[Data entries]
☆ ☆ ☆ ☆ ☆

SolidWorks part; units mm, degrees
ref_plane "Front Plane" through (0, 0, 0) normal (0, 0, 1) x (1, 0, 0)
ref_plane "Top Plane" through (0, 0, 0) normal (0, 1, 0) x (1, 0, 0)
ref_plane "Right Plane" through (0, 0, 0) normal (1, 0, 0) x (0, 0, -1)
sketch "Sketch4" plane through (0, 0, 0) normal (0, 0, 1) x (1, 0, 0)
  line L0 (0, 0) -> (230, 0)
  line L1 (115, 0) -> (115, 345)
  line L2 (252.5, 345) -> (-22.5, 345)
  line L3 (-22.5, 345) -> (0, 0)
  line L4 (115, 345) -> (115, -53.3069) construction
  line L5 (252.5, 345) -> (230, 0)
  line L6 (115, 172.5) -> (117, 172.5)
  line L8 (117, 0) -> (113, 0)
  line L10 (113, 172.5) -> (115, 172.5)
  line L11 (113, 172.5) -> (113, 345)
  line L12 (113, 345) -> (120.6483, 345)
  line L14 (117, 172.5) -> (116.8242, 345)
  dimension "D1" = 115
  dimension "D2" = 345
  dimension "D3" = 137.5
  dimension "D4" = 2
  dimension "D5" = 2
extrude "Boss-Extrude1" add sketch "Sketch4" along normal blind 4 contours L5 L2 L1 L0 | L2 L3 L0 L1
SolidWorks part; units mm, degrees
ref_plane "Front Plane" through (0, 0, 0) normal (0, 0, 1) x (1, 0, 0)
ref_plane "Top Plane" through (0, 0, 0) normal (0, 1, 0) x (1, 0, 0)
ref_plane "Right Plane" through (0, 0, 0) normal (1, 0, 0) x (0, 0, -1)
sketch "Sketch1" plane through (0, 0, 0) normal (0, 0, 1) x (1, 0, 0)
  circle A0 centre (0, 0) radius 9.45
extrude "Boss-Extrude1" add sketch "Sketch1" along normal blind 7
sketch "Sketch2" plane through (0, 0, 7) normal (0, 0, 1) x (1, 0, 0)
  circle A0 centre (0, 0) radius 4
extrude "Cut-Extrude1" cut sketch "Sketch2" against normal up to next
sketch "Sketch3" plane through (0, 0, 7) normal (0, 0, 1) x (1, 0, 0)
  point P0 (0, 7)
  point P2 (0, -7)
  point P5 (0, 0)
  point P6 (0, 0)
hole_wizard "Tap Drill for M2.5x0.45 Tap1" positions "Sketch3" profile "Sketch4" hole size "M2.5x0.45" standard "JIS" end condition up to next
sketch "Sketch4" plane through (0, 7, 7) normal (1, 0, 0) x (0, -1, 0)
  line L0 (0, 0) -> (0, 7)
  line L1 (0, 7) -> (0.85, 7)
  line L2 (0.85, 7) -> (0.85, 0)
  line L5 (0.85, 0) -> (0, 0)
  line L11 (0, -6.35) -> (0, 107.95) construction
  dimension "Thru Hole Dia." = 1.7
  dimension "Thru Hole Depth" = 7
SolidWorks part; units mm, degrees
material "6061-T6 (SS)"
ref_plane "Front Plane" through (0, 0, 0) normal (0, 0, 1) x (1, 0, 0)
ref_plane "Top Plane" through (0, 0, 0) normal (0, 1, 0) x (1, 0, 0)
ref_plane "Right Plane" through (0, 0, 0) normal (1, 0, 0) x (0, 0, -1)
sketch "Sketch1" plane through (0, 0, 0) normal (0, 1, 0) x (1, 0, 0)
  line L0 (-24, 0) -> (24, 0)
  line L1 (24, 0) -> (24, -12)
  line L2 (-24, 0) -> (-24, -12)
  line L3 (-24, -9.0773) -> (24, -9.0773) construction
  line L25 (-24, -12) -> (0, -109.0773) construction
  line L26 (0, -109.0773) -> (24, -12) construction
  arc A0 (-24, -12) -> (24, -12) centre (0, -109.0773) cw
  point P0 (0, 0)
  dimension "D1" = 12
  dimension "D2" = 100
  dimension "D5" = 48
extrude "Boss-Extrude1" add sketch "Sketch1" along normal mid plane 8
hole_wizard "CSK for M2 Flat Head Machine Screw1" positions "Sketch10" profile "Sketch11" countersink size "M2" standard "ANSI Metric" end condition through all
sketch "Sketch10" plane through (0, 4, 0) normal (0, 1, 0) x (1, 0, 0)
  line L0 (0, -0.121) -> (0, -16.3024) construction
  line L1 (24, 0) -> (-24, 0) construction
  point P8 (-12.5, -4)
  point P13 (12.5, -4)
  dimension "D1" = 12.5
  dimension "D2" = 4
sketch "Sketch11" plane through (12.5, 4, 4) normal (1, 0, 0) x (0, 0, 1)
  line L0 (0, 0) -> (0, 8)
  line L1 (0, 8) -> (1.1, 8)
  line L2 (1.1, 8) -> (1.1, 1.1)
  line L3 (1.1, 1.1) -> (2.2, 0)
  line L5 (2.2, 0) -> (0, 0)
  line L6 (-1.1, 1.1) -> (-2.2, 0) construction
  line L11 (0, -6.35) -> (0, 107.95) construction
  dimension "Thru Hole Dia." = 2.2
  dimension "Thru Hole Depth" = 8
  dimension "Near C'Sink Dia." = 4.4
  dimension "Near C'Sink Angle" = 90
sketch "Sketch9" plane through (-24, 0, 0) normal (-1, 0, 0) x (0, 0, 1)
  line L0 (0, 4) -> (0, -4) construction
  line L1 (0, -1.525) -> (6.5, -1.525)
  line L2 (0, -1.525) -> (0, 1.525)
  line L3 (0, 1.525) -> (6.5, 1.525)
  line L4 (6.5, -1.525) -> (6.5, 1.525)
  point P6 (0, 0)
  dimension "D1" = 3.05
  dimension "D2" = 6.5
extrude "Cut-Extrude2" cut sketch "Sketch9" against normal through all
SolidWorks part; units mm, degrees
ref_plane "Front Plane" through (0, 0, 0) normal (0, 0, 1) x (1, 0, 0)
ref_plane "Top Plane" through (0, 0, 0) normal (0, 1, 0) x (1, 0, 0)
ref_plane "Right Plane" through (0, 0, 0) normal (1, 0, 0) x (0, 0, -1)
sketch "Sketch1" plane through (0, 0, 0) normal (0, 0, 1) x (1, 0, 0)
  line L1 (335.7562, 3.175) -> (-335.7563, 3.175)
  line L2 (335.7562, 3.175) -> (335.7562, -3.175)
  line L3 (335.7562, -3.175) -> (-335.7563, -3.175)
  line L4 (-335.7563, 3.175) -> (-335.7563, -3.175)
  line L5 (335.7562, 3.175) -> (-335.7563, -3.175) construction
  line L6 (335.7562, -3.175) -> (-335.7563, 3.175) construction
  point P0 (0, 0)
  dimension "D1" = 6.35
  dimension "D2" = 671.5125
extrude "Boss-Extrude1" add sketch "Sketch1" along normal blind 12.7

☆ ☆ ☆ ☆ ☆

▸ **Your task**: The output should restate the data exactly, with no line missing.

▸ **Solution to this problem**:
SolidWorks part; units mm, degrees
ref_plane "Front Plane" through (0, 0, 0) normal (0, 0, 1) x (1, 0, 0)
ref_plane "Top Plane" through (0, 0, 0) normal (0, 1, 0) x (1, 0, 0)
ref_plane "Right Plane" through (0, 0, 0) normal (1, 0, 0) x (0, 0, -1)
sketch "Sketch4" plane through (0, 0, 0) normal (0, 0, 1) x (1, 0, 0)
  line L0 (0, 0) -> (230, 0)
  line L1 (115, 0) -> (115, 345)
  line L2 (252.5, 345) -> (-22.5, 345)
  line L3 (-22.5, 345) -> (0, 0)
  line L4 (115, 345) -> (115, -53.3069) construction
  line L5 (252.5, 345) -> (230, 0)
  line L6 (115, 172.5) -> (117, 172.5)
  line L8 (117, 0) -> (113, 0)
  line L10 (113, 172.5) -> (115, 172.5)
  line L11 (113, 172.5) -> (113, 345)
  line L12 (113, 345) -> (120.6483, 345)
  line L14 (117, 172.5) -> (116.8242, 345)
  dimension "D1" = 115
  dimension "D2" = 345
  dimension "D3" = 137.5
  dimension "D4" = 2
  dimension "D5" = 2
extrude "Boss-Extrude1" add sketch "Sketch4" along normal blind 4 contours L5 L2 L1 L0 | L2 L3 L0 L1
SolidWorks part; units mm, degrees
ref_plane "Front Plane" through (0, 0, 0) normal (0, 0, 1) x (1, 0, 0)
ref_plane "Top Plane" through (0, 0, 0) normal (0, 1, 0) x (1, 0, 0)
ref_plane "Right Plane" through (0, 0, 0) normal (1, 0, 0) x (0, 0, -1)
sketch "Sketch1" plane through (0, 0, 0) normal (0, 0, 1) x (1, 0, 0)
  circle A0 centre (0, 0) radius 9.45
extrude "Boss-Extrude1" add sketch "Sketch1" along normal blind 7
sketch "Sketch2" plane through (0, 0, 7) normal (0, 0, 1) x (1, 0, 0)
  circle A0 centre (0, 0) radius 4
extrude "Cut-Extrude1" cut sketch "Sketch2" against normal up to next
sketch "Sketch3" plane through (0, 0, 7) normal (0, 0, 1) x (1, 0, 0)
  point P0 (0, 7)
  point P2 (0, -7)
  point P5 (0, 0)
  point P6 (0, 0)
hole_wizard "Tap Drill for M2.5x0.45 Tap1" positions "Sketch3" profile "Sketch4" hole size "M2.5x0.45" standard "JIS" end condition up to next
sketch "Sketch4" plane through (0, 7, 7) normal (1, 0, 0) x (0, -1, 0)
  line L0 (0, 0) -> (0, 7)
  line L1 (0, 7) -> (0.85, 7)
  line L2 (0.85, 7) -> (0.85, 0)
  line L5 (0.85, 0) -> (0, 0)
  line L11 (0, -6.35) -> (0, 107.95) construction
  dimension "Thru Hole Dia." = 1.7
  dimension "Thru Hole Depth" = 7
SolidWorks part; units mm, degrees
material "6061-T6 (SS)"
ref_plane "Front Plane" through (0, 0, 0) normal (0, 0, 1) x (1, 0, 0)
ref_plane "Top Plane" through (0, 0, 0) normal (0, 1, 0) x (1, 0, 0)
ref_plane "Right Plane" through (0, 0, 0) normal (1, 0, 0) x (0, 0, -1)
sketch "Sketch1" plane through (0, 0, 0) normal (0, 1, 0) x (1, 0, 0)
  line L0 (-24, 0) -> (24, 0)
  line L1 (24, 0) -> (24, -12)
  line L2 (-24, 0) -> (-24, -12)
  line L3 (-24, -9.0773) -> (24, -9.0773) construction
  line L25 (-24, -12) -> (0, -109.0773) construction
  line L26 (0, -109.0773) -> (24, -12) construction
  arc A0 (-24, -12) -> (24, -12) centre (0, -109.0773) cw
  point P0 (0, 0)
  dimension "D1" = 12
  dimension "D2" = 100
  dimension "D5" = 48
extrude "Boss-Extrude1" add sketch "Sketch1" along normal mid plane 8
hole_wizard "CSK for M2 Flat Head Machine Screw1" positions "Sketch10" profile "Sketch11" countersink size "M2" standard "ANSI Metric" end condition through all
sketch "Sketch10" plane through (0, 4, 0) normal (0, 1, 0) x (1, 0, 0)
  line L0 (0, -0.121) -> (0, -16.3024) construction
  line L1 (24, 0) -> (-24, 0) construction
  point P8 (-12.5, -4)
  point P13 (12.5, -4)
  dimension "D1" = 12.5
  dimension "D2" = 4
sketch "Sketch11" plane through (12.5, 4, 4) normal (1, 0, 0) x (0, 0, 1)
  line L0 (0, 0) -> (0, 8)
  line L1 (0, 8) -> (1.1, 8)
  line L2 (1.1, 8) -> (1.1, 1.1)
  line L3 (1.1, 1.1) -> (2.2, 0)
  line L5 (2.2, 0) -> (0, 0)
  line L6 (-1.1, 1.1) -> (-2.2, 0) construction
  line L11 (0, -6.35) -> (0, 107.95) construction
  dimension "Thru Hole Dia." = 2.2
  dimension "Thru Hole Depth" = 8
  dimension "Near C'Sink Dia." = 4.4
  dimension "Near C'Sink Angle" = 90
sketch "Sketch9" plane through (-24, 0, 0) normal (-1, 0, 0) x (0, 0, 1)
  line L0 (0, 4) -> (0, -4) construction
  line L1 (0, -1.525) -> (6.5, -1.525)
  line L2 (0, -1.525) -> (0, 1.525)
  line L3 (0, 1.525) -> (6.5, 1.525)
  line L4 (6.5, -1.525) -> (6.5, 1.525)
  point P6 (0, 0)
  dimension "D1" = 3.05
  dimension "D2" = 6.5
extrude "Cut-Extrude2" cut sketch "Sketch9" against normal through all
SolidWorks part; units mm, degrees
ref_plane "Front Plane" through (0, 0, 0) normal (0, 0, 1) x (1, 0, 0)
ref_plane "Top Plane" through (0, 0, 0) normal (0, 1, 0) x (1, 0, 0)
ref_plane "Right Plane" through (0, 0, 0) normal (1, 0, 0) x (0, 0, -1)
sketch "Sketch1" plane through (0, 0, 0) normal (0, 0, 1) x (1, 0, 0)
  line L1 (335.7562, 3.175) -> (-335.7563, 3.175)
  line L2 (335.7562, 3.175) -> (335.7562, -3.175)
  line L3 (335.7562, -3.175) -> (-335.7563, -3.175)
  line L4 (-335.7563, 3.175) -> (-335.7563, -3.175)
  line L5 (335.7562, 3.175) -> (-335.7563, -3.175) construction
  line L6 (335.7562, -3.175) -> (-335.7563, 3.175) construction
  point P0 (0, 0)
  dimension "D1" = 6.35
  dimension "D2" = 671.5125
extrude "Boss-Extrude1" add sketch "Sketch1" along normal blind 12.7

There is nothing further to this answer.